----- SOURCE DATA -----

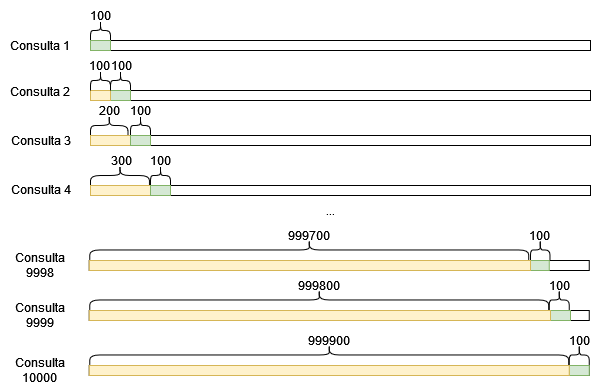

The diagram above was exported from draw.io. Its source (the exported page's mxGraphModel, read from the mxfile embedded in the PNG):
<mxGraphModel dx="1315" dy="460" grid="1" gridSize="10" guides="1" tooltips="1" connect="1" arrows="1" fold="1" page="1" pageScale="1" pageWidth="827" pageHeight="1169" math="0" shadow="0">
  <root>
    <mxCell id="0" />
    <mxCell id="1" parent="0" />
    <mxCell id="bQOIQ02b-d-kgyYU15lO-47" value="" style="rounded=0;whiteSpace=wrap;html=1;" vertex="1" parent="1">
      <mxGeometry x="70" y="510" width="500" height="10" as="geometry" />
    </mxCell>
    <mxCell id="bQOIQ02b-d-kgyYU15lO-48" value="" style="rounded=0;whiteSpace=wrap;html=1;" vertex="1" parent="1">
      <mxGeometry x="70" y="560" width="500" height="10" as="geometry" />
    </mxCell>
    <mxCell id="bQOIQ02b-d-kgyYU15lO-49" value="" style="rounded=0;whiteSpace=wrap;html=1;" vertex="1" parent="1">
      <mxGeometry x="70" y="605" width="500" height="10" as="geometry" />
    </mxCell>
    <mxCell id="bQOIQ02b-d-kgyYU15lO-50" value="" style="rounded=0;whiteSpace=wrap;html=1;" vertex="1" parent="1">
      <mxGeometry x="68.75" y="835" width="500" height="10" as="geometry" />
    </mxCell>
    <mxCell id="bQOIQ02b-d-kgyYU15lO-51" value="" style="shape=curlyBracket;whiteSpace=wrap;html=1;rounded=1;rotation=90;" vertex="1" parent="1">
      <mxGeometry x="70" y="490" width="20" height="20" as="geometry" />
    </mxCell>
    <mxCell id="bQOIQ02b-d-kgyYU15lO-52" value="" style="rounded=0;whiteSpace=wrap;html=1;fillColor=#d5e8d4;strokeColor=#82b366;" vertex="1" parent="1">
      <mxGeometry x="70" y="510" width="20" height="10" as="geometry" />
    </mxCell>
    <mxCell id="bQOIQ02b-d-kgyYU15lO-53" value="" style="shape=curlyBracket;whiteSpace=wrap;html=1;rounded=1;rotation=90;" vertex="1" parent="1">
      <mxGeometry x="90" y="540" width="20" height="20" as="geometry" />
    </mxCell>
    <mxCell id="bQOIQ02b-d-kgyYU15lO-54" value="" style="rounded=0;whiteSpace=wrap;html=1;fillColor=#d5e8d4;strokeColor=#82b366;" vertex="1" parent="1">
      <mxGeometry x="90" y="560" width="20" height="10" as="geometry" />
    </mxCell>
    <mxCell id="bQOIQ02b-d-kgyYU15lO-55" value="" style="rounded=0;whiteSpace=wrap;html=1;fillColor=#fff2cc;strokeColor=#d6b656;" vertex="1" parent="1">
      <mxGeometry x="70" y="560" width="20" height="10" as="geometry" />
    </mxCell>
    <mxCell id="bQOIQ02b-d-kgyYU15lO-57" value="Consulta 1" style="text;html=1;strokeColor=none;fillColor=none;align=center;verticalAlign=middle;whiteSpace=wrap;rounded=0;" vertex="1" parent="1">
      <mxGeometry x="-20" y="500" width="78.75" height="30" as="geometry" />
    </mxCell>
    <mxCell id="bQOIQ02b-d-kgyYU15lO-58" value="100" style="text;html=1;strokeColor=none;fillColor=none;align=center;verticalAlign=middle;whiteSpace=wrap;rounded=0;" vertex="1" parent="1">
      <mxGeometry x="70.95" y="520" width="60" height="30" as="geometry" />
    </mxCell>
    <mxCell id="bQOIQ02b-d-kgyYU15lO-60" value="" style="shape=curlyBracket;whiteSpace=wrap;html=1;rounded=1;rotation=90;" vertex="1" parent="1">
      <mxGeometry x="70" y="540" width="20" height="20" as="geometry" />
    </mxCell>
    <mxCell id="bQOIQ02b-d-kgyYU15lO-61" value="100" style="text;html=1;strokeColor=none;fillColor=none;align=center;verticalAlign=middle;whiteSpace=wrap;rounded=0;" vertex="1" parent="1">
      <mxGeometry x="49.48" y="520" width="60" height="30" as="geometry" />
    </mxCell>
    <mxCell id="bQOIQ02b-d-kgyYU15lO-62" value="" style="shape=curlyBracket;whiteSpace=wrap;html=1;rounded=1;rotation=90;" vertex="1" parent="1">
      <mxGeometry x="110" y="585" width="20" height="20" as="geometry" />
    </mxCell>
    <mxCell id="bQOIQ02b-d-kgyYU15lO-63" value="100" style="text;html=1;strokeColor=none;fillColor=none;align=center;verticalAlign=middle;whiteSpace=wrap;rounded=0;" vertex="1" parent="1">
      <mxGeometry x="90" y="565" width="60" height="30" as="geometry" />
    </mxCell>
    <mxCell id="bQOIQ02b-d-kgyYU15lO-64" value="" style="shape=curlyBracket;whiteSpace=wrap;html=1;rounded=1;rotation=90;" vertex="1" parent="1">
      <mxGeometry x="78.75" y="576.25" width="20" height="37.5" as="geometry" />
    </mxCell>
    <mxCell id="bQOIQ02b-d-kgyYU15lO-65" value="200" style="text;html=1;strokeColor=none;fillColor=none;align=center;verticalAlign=middle;whiteSpace=wrap;rounded=0;" vertex="1" parent="1">
      <mxGeometry x="58.75" y="565" width="60" height="30" as="geometry" />
    </mxCell>
    <mxCell id="bQOIQ02b-d-kgyYU15lO-66" value="" style="rounded=0;whiteSpace=wrap;html=1;fillColor=#fff2cc;strokeColor=#d6b656;" vertex="1" parent="1">
      <mxGeometry x="70" y="605" width="40" height="10" as="geometry" />
    </mxCell>
    <mxCell id="bQOIQ02b-d-kgyYU15lO-67" value="" style="rounded=0;whiteSpace=wrap;html=1;fillColor=#d5e8d4;strokeColor=#82b366;" vertex="1" parent="1">
      <mxGeometry x="110" y="605" width="20" height="10" as="geometry" />
    </mxCell>
    <mxCell id="bQOIQ02b-d-kgyYU15lO-68" value="" style="rounded=0;whiteSpace=wrap;html=1;" vertex="1" parent="1">
      <mxGeometry x="70" y="655" width="500" height="10" as="geometry" />
    </mxCell>
    <mxCell id="bQOIQ02b-d-kgyYU15lO-69" value="" style="shape=curlyBracket;whiteSpace=wrap;html=1;rounded=1;rotation=90;" vertex="1" parent="1">
      <mxGeometry x="130" y="635" width="20" height="20" as="geometry" />
    </mxCell>
    <mxCell id="bQOIQ02b-d-kgyYU15lO-70" value="100" style="text;html=1;strokeColor=none;fillColor=none;align=center;verticalAlign=middle;whiteSpace=wrap;rounded=0;" vertex="1" parent="1">
      <mxGeometry x="110" y="615" width="60" height="30" as="geometry" />
    </mxCell>
    <mxCell id="bQOIQ02b-d-kgyYU15lO-71" value="" style="shape=curlyBracket;whiteSpace=wrap;html=1;rounded=1;rotation=90;" vertex="1" parent="1">
      <mxGeometry x="89.48" y="615.54" width="20" height="58.95" as="geometry" />
    </mxCell>
    <mxCell id="bQOIQ02b-d-kgyYU15lO-72" value="300" style="text;html=1;strokeColor=none;fillColor=none;align=center;verticalAlign=middle;whiteSpace=wrap;rounded=0;" vertex="1" parent="1">
      <mxGeometry x="70.95" y="615" width="60" height="30" as="geometry" />
    </mxCell>
    <mxCell id="bQOIQ02b-d-kgyYU15lO-73" value="" style="rounded=0;whiteSpace=wrap;html=1;fillColor=#fff2cc;strokeColor=#d6b656;" vertex="1" parent="1">
      <mxGeometry x="70" y="655" width="60" height="10" as="geometry" />
    </mxCell>
    <mxCell id="bQOIQ02b-d-kgyYU15lO-74" value="" style="rounded=0;whiteSpace=wrap;html=1;fillColor=#d5e8d4;strokeColor=#82b366;" vertex="1" parent="1">
      <mxGeometry x="130" y="655" width="20" height="10" as="geometry" />
    </mxCell>
    <mxCell id="bQOIQ02b-d-kgyYU15lO-75" value="" style="rounded=0;whiteSpace=wrap;html=1;fillColor=#d5e8d4;strokeColor=#82b366;" vertex="1" parent="1">
      <mxGeometry x="548.75" y="835" width="20" height="10" as="geometry" />
    </mxCell>
    <mxCell id="bQOIQ02b-d-kgyYU15lO-76" value="" style="rounded=0;whiteSpace=wrap;html=1;fillColor=#fff2cc;strokeColor=#d6b656;" vertex="1" parent="1">
      <mxGeometry x="68.75" y="835" width="480" height="10" as="geometry" />
    </mxCell>
    <mxCell id="bQOIQ02b-d-kgyYU15lO-77" value="" style="shape=curlyBracket;whiteSpace=wrap;html=1;rounded=1;rotation=90;" vertex="1" parent="1">
      <mxGeometry x="298.75" y="585" width="20" height="478.95" as="geometry" />
    </mxCell>
    <mxCell id="bQOIQ02b-d-kgyYU15lO-78" value="999900" style="text;html=1;strokeColor=none;fillColor=none;align=center;verticalAlign=middle;whiteSpace=wrap;rounded=0;" vertex="1" parent="1">
      <mxGeometry x="278.75" y="795" width="60" height="30" as="geometry" />
    </mxCell>
    <mxCell id="bQOIQ02b-d-kgyYU15lO-80" value="" style="shape=curlyBracket;whiteSpace=wrap;html=1;rounded=1;rotation=90;" vertex="1" parent="1">
      <mxGeometry x="548.75" y="814.48" width="20" height="20" as="geometry" />
    </mxCell>
    <mxCell id="bQOIQ02b-d-kgyYU15lO-81" value="100" style="text;html=1;strokeColor=none;fillColor=none;align=center;verticalAlign=middle;whiteSpace=wrap;rounded=0;" vertex="1" parent="1">
      <mxGeometry x="528.75" y="795" width="60" height="30" as="geometry" />
    </mxCell>
    <mxCell id="bQOIQ02b-d-kgyYU15lO-83" value="..." style="text;html=1;strokeColor=none;fillColor=none;align=center;verticalAlign=middle;whiteSpace=wrap;rounded=0;" vertex="1" parent="1">
      <mxGeometry x="280" y="665" width="60" height="30" as="geometry" />
    </mxCell>
    <mxCell id="bQOIQ02b-d-kgyYU15lO-85" value="100" style="text;html=1;strokeColor=none;fillColor=none;align=center;verticalAlign=middle;whiteSpace=wrap;rounded=0;" vertex="1" parent="1">
      <mxGeometry x="50" y="470" width="60" height="30" as="geometry" />
    </mxCell>
    <mxCell id="bQOIQ02b-d-kgyYU15lO-86" value="Consulta 2" style="text;html=1;strokeColor=none;fillColor=none;align=center;verticalAlign=middle;whiteSpace=wrap;rounded=0;" vertex="1" parent="1">
      <mxGeometry x="-20" y="546.25" width="78.75" height="30" as="geometry" />
    </mxCell>
    <mxCell id="bQOIQ02b-d-kgyYU15lO-87" value="Consulta 3" style="text;html=1;strokeColor=none;fillColor=none;align=center;verticalAlign=middle;whiteSpace=wrap;rounded=0;" vertex="1" parent="1">
      <mxGeometry x="-18.75" y="595" width="78.75" height="30" as="geometry" />
    </mxCell>
    <mxCell id="bQOIQ02b-d-kgyYU15lO-88" value="Consulta 4" style="text;html=1;strokeColor=none;fillColor=none;align=center;verticalAlign=middle;whiteSpace=wrap;rounded=0;" vertex="1" parent="1">
      <mxGeometry x="-18.75" y="644.49" width="78.75" height="30" as="geometry" />
    </mxCell>
    <mxCell id="bQOIQ02b-d-kgyYU15lO-89" value="Consulta 10000" style="text;html=1;strokeColor=none;fillColor=none;align=center;verticalAlign=middle;whiteSpace=wrap;rounded=0;" vertex="1" parent="1">
      <mxGeometry x="-20" y="825" width="78.75" height="30" as="geometry" />
    </mxCell>
    <mxCell id="bQOIQ02b-d-kgyYU15lO-90" value="" style="rounded=0;whiteSpace=wrap;html=1;" vertex="1" parent="1">
      <mxGeometry x="68.75" y="780" width="500" height="10" as="geometry" />
    </mxCell>
    <mxCell id="bQOIQ02b-d-kgyYU15lO-91" value="" style="rounded=0;whiteSpace=wrap;html=1;fillColor=#d5e8d4;strokeColor=#82b366;" vertex="1" parent="1">
      <mxGeometry x="530" y="780" width="20" height="10" as="geometry" />
    </mxCell>
    <mxCell id="bQOIQ02b-d-kgyYU15lO-92" value="" style="rounded=0;whiteSpace=wrap;html=1;fillColor=#fff2cc;strokeColor=#d6b656;" vertex="1" parent="1">
      <mxGeometry x="68.75" y="780" width="461.25" height="10" as="geometry" />
    </mxCell>
    <mxCell id="bQOIQ02b-d-kgyYU15lO-93" value="" style="shape=curlyBracket;whiteSpace=wrap;html=1;rounded=1;rotation=90;" vertex="1" parent="1">
      <mxGeometry x="288.75" y="540" width="20" height="458.95" as="geometry" />
    </mxCell>
    <mxCell id="bQOIQ02b-d-kgyYU15lO-94" value="999800" style="text;html=1;strokeColor=none;fillColor=none;align=center;verticalAlign=middle;whiteSpace=wrap;rounded=0;" vertex="1" parent="1">
      <mxGeometry x="269.38" y="740" width="60" height="30" as="geometry" />
    </mxCell>
    <mxCell id="bQOIQ02b-d-kgyYU15lO-95" value="" style="shape=curlyBracket;whiteSpace=wrap;html=1;rounded=1;rotation=90;" vertex="1" parent="1">
      <mxGeometry x="528.75" y="759.48" width="20" height="20" as="geometry" />
    </mxCell>
    <mxCell id="bQOIQ02b-d-kgyYU15lO-96" value="100" style="text;html=1;strokeColor=none;fillColor=none;align=center;verticalAlign=middle;whiteSpace=wrap;rounded=0;" vertex="1" parent="1">
      <mxGeometry x="508.75" y="740" width="60" height="30" as="geometry" />
    </mxCell>
    <mxCell id="bQOIQ02b-d-kgyYU15lO-97" value="Consulta 9999" style="text;html=1;strokeColor=none;fillColor=none;align=center;verticalAlign=middle;whiteSpace=wrap;rounded=0;" vertex="1" parent="1">
      <mxGeometry x="-20" y="770" width="78.75" height="30" as="geometry" />
    </mxCell>
    <mxCell id="bQOIQ02b-d-kgyYU15lO-98" value="" style="rounded=0;whiteSpace=wrap;html=1;" vertex="1" parent="1">
      <mxGeometry x="68.75" y="730" width="500" height="10" as="geometry" />
    </mxCell>
    <mxCell id="bQOIQ02b-d-kgyYU15lO-99" value="" style="rounded=0;whiteSpace=wrap;html=1;fillColor=#d5e8d4;strokeColor=#82b366;" vertex="1" parent="1">
      <mxGeometry x="508.75" y="730" width="20" height="10" as="geometry" />
    </mxCell>
    <mxCell id="bQOIQ02b-d-kgyYU15lO-100" value="" style="rounded=0;whiteSpace=wrap;html=1;fillColor=#fff2cc;strokeColor=#d6b656;" vertex="1" parent="1">
      <mxGeometry x="68.75" y="730" width="441.25" height="10" as="geometry" />
    </mxCell>
    <mxCell id="bQOIQ02b-d-kgyYU15lO-101" value="" style="shape=curlyBracket;whiteSpace=wrap;html=1;rounded=1;rotation=90;" vertex="1" parent="1">
      <mxGeometry x="278.75" y="500" width="20" height="438.95" as="geometry" />
    </mxCell>
    <mxCell id="bQOIQ02b-d-kgyYU15lO-102" value="999700" style="text;html=1;strokeColor=none;fillColor=none;align=center;verticalAlign=middle;whiteSpace=wrap;rounded=0;" vertex="1" parent="1">
      <mxGeometry x="258.75" y="690" width="60" height="30" as="geometry" />
    </mxCell>
    <mxCell id="bQOIQ02b-d-kgyYU15lO-103" value="" style="shape=curlyBracket;whiteSpace=wrap;html=1;rounded=1;rotation=90;" vertex="1" parent="1">
      <mxGeometry x="509.74" y="709.74" width="20" height="19.48" as="geometry" />
    </mxCell>
    <mxCell id="bQOIQ02b-d-kgyYU15lO-104" value="100" style="text;html=1;strokeColor=none;fillColor=none;align=center;verticalAlign=middle;whiteSpace=wrap;rounded=0;" vertex="1" parent="1">
      <mxGeometry x="488.75" y="690" width="60" height="30" as="geometry" />
    </mxCell>
    <mxCell id="bQOIQ02b-d-kgyYU15lO-105" value="Consulta 9998" style="text;html=1;strokeColor=none;fillColor=none;align=center;verticalAlign=middle;whiteSpace=wrap;rounded=0;" vertex="1" parent="1">
      <mxGeometry x="-20" y="720" width="78.75" height="30" as="geometry" />
    </mxCell>
  </root>
</mxGraphModel>

-----

TASK TO CARRY OUT: Every line of the listing above that includes "page" should be copied out.

PROBLEM SOLUTION:
The diagram above was exported from draw.io. Its source (the exported page's mxGraphModel, read from the mxfile embedded in the PNG):
<mxGraphModel dx="1315" dy="460" grid="1" gridSize="10" guides="1" tooltips="1" connect="1" arrows="1" fold="1" page="1" pageScale="1" pageWidth="827" pageHeight="1169" math="0" shadow="0">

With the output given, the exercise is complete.